Stress Test framework for gRPC

(Sree Kuchibhotla - sreek@)

Status: This is implemented. More details at README.md

I. GOALS

Build a stress test suite for gRPC:

Build a stress test suite that can Identify bugs by testing the system (gRPC server/client) under extreme conditions:
- High load
- High concurrency
- Limited resources
- Intermittent failures
Should be integrated with Jenkins CI

Make it generic enough (i.e build a generic test framework) that can be used for:

Executing M instances of a client against N instances of a server with an arbitrarily defined connection matrix
- Execute heterogenous test configurations - for example: Java stress test clients against C++ servers or Node clients against Python servers or TSAN C++ clients vs ASAN C++ Servers etc.
- Easy and Flexible enough that Devs can use it to recreate complex test scenarios

The implementation effort is divided into two parts:

Building a “Stress Test Framework” to run the stress test suites- More details in Section II (The idea is that the Stress Test framework is generic enough that it would be easier to modify it to run other suites like interop-tests or custom test scenarios)
Building a ‘Stress test suite’ - More details in section III

Terminology:

GCE - Google compute engine GKE - Google Container engine Kubernetes - Google's open source service scheduler / orchestrator.

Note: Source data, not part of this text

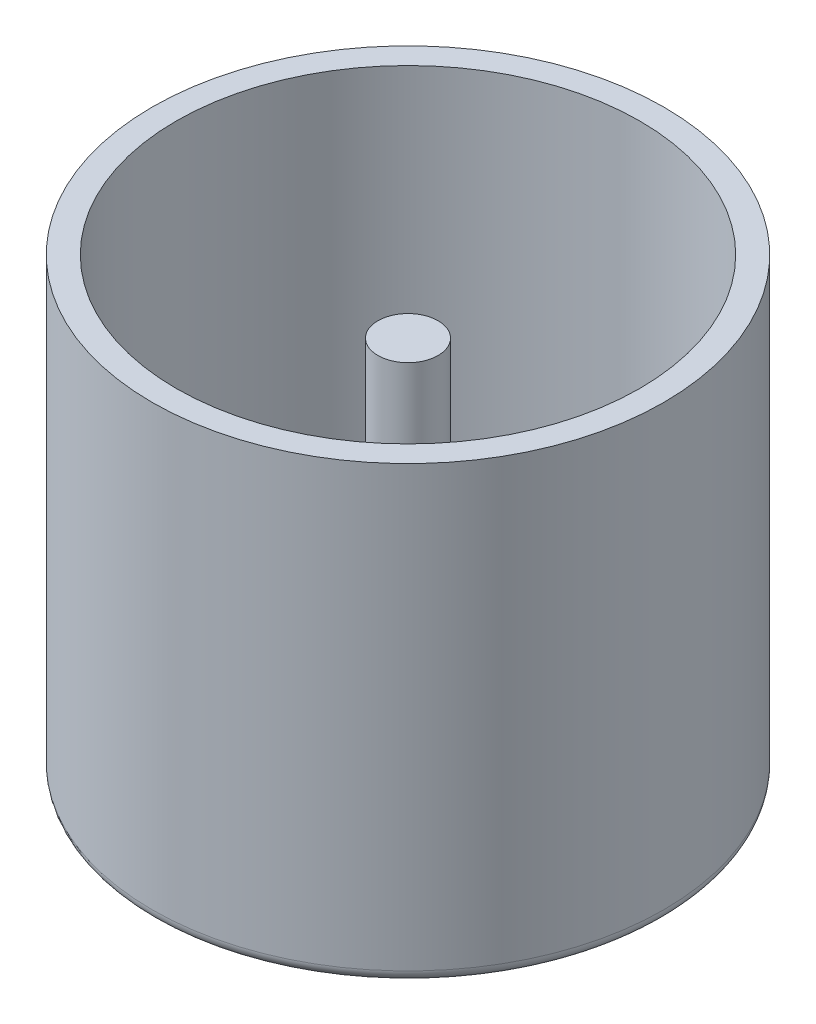
SolidWorks part; units mm, degrees
ref_plane "Front Plane" through (0, 0, 0) normal (0, 0, 1) x (1, 0, 0)
ref_plane "Top Plane" through (0, 0, 0) normal (0, 1, 0) x (1, 0, 0)
ref_plane "Right Plane" through (0, 0, 0) normal (1, 0, 0) x (0, 0, -1)
sketch "Sketch1" plane through (0, 0, 0) normal (0, 1, 0) x (1, 0, 0)
  circle A0 centre (0, 0) radius 53.975
  dimension "D1" = 107.95
extrude "Boss-Extrude1" add sketch "Sketch1" along normal blind 95.25 contours A0
shell "Shell1" thickness 5.08 removed face at (0, 95.25, 53.975)
sketch "Sketch2" plane through (0, 5.08, 0) normal (0, 1, 0) x (1, 0, 0)
  circle A0 centre (0, 0) radius 6.35
  dimension "D1" = 12.7
extrude "Boss-Extrude2" add sketch "Sketch2" along normal blind 74.93
sketch "Sketch3" plane through (0, 80.01, 0) normal (0, 1, 0) x (1, 0, 0)
  line L0 (-1.5875, -6.1484) -> (-1.5875, -2.7496)
  line L1 (1.5875, -6.1484) -> (1.5875, -2.7496)
  line L2 (0, 0) -> (0, -10.1294) construction
  circle A2 centre (0, 0) radius 3.175
  circle A3 centre (0, 0) radius 6.35 construction
  circle A4 centre (0, 0) radius 6.35 construction
  dimension "D1" = 6.35
  dimension "D2" = 3.175
  dimension "D3" = 1.5875
ref_axis "Axis2" through (0, 80.01, 0) along (0, -1, 0)
ref_axis "Axis3" through (0, 80.01, 0) along (0, -1, 0)
fillet "Fillet1" radius 2.54 1 edges at (0, 0, 53.975)
equation "\"chalk_length\"= 2.95in"
equation "\"chalk_diameter\"= 0.47in"
equation "\"drum_diameter\"= 4.25in"
equation "\"drum_thickness\" = 0.2in"
equation "\"drum_height\"= 3.75in"
equation "\"D1@Sketch1\"=\"drum_diameter\""
equation "\"D1@Boss-Extrude1\"=\"drum_height\""
equation "\"D1@Shell1\"=\"drum_thickness\""
equation "\"axis_diameter\" = 0.5in"
equation "\"D1@Sketch2\"=\"axis_diameter\""
equation "\"axis_grips\"= \"axis_diameter\" / 4"
equation "\"axis_insert_gap\"= \"axis_diameter\" / 4"
equation "\"D1@Sketch3\"=\"axis_diameter\"/2"
equation "\"D2@Sketch3\"=\"axis_insert_gap\""
equation "\"D3@Sketch3\"=\"axis_insert_gap\"/2"
equation "\"carousel_height\" = 0.4in"
equation "\"D1@Boss-Extrude2\"=\"drum_height\" - 2*\"carousel_height\""
equation "\"tight_fit\" = 0.005in"
equation "\"normal_fit\" = 0.010in"
equation "\"loose_fit\" = 0.020in"
equation "\"top_diameter\"= \"drum_diameter\" - 2 * \"drum_thickness\" - \"loose_fit\""
equation "\"top_thickness\"= 0.2in"
equation "\"hexagonal_diameter\"= 0.75in'Can't be less than axis_diaemeter + top_thickness. Hexagonal diameter for top interface and chalk_slot"
equation "\"hexagonal_female_diameter\"= 0.10in'All hexagons use inscribed unless otherwise explicit"
equation "\"hexagonal_female_spacing\"= 0.10in"
equation "\"hexagonal_female_height\"= 0.15in"
equation "\"chalk_slot_diameter\"= 0.75in"
equation "\"chalk_slot_height\"= 2.95in"
equation "\"chalk_padding_gap\"= 0.10in"
equation "\"cap_height\" = 0.5in"
equation "\"cap_depth\" = 0.5in"

Note: The terms GKE and Kubernetes are used interchangeably in this document

II. STRESS TEST FRAMEWORK

(The details of each step are explained below)) Figure 1

Step 1 Read the test config, generate base docker images

Test Config: The test configuration contains the following information:

GKE info: GKE project and cluster info
Docker images: Instructions to build docker images
Client templates: One or more client templates each containing the following information:
- Which docker image to use
- Path to the client program to launch (within the docker image)
- Parameters to the client program
Server templates: Similar to Client templates - except that these are for servers
Test matrix containing the following:
- Server groups: One or more groups of servers containing the following info for each group
  - Which server template to use
  - How many instances to launch
- Client groups: One or more groups of clients containing the following (for each group):
  - Which client template to use
  - How many instances to launch
  - Which server group to talk to (all clients in this group will talk to all servers in the server group)

The first step is to read the test config and build the docker images

Stress server docker image: The following are the main files in the server docker images

Interop_server: The server program
run_server.py: This is a python script which is the entry point of the docker image (i.e this is the script that is called when the docker image is run in GKE). This script launches the interop server and also updates the status in BigQuery. If the interop_server fails for whatever reason, the script launch_server.py logs that status in BigQuery

Stress client docker image:

Stress client: The stress test client. In addition to talking to the interop_server, the stress client also exports metrics (which can be queried by the metrics_client described below)
Metrics client: Metrics client connects to the stress_client to get the current qps metrics.
run_client.py: This is a python script which is the entry point of the docker image (i.e this is the script that is called when the docker image is run in GKE). This script launches the stress client and also updates the status in BigQuery. The script then periodically launches metrics client to query the qps from the stress client and then uploads the qps to BigQuery.

Step 2) Upload the docker images to GKE

The docker images are uploaded to the GKE registry

Step 3) Launch the tests in GKE

The test driver reads the test matrix (described in step 1) and creates the necessary server and client pods in GKE.

Step 4) Tests are run in GKE

GKE starts running the tests by calling the entry points in each docker image (i.e run_server.py or run_client.py depending on whcih docker image it is)

Step 5) Upload the status to GKE and Monitor the status in GKE

5.1 The tests periodically update their status in BigQuery
5.2 The test driver periodically checks the status in Bigquery to see if any tests failed. If any tests failed, the driver immediately stops the tests. If not, the driver continues to run the tests for a configurable amount of time.

Step 6) Create a summary report

The test driver creates a final summary report containing details about any test failures and information about how to connect the failed pods in GKE for debugging.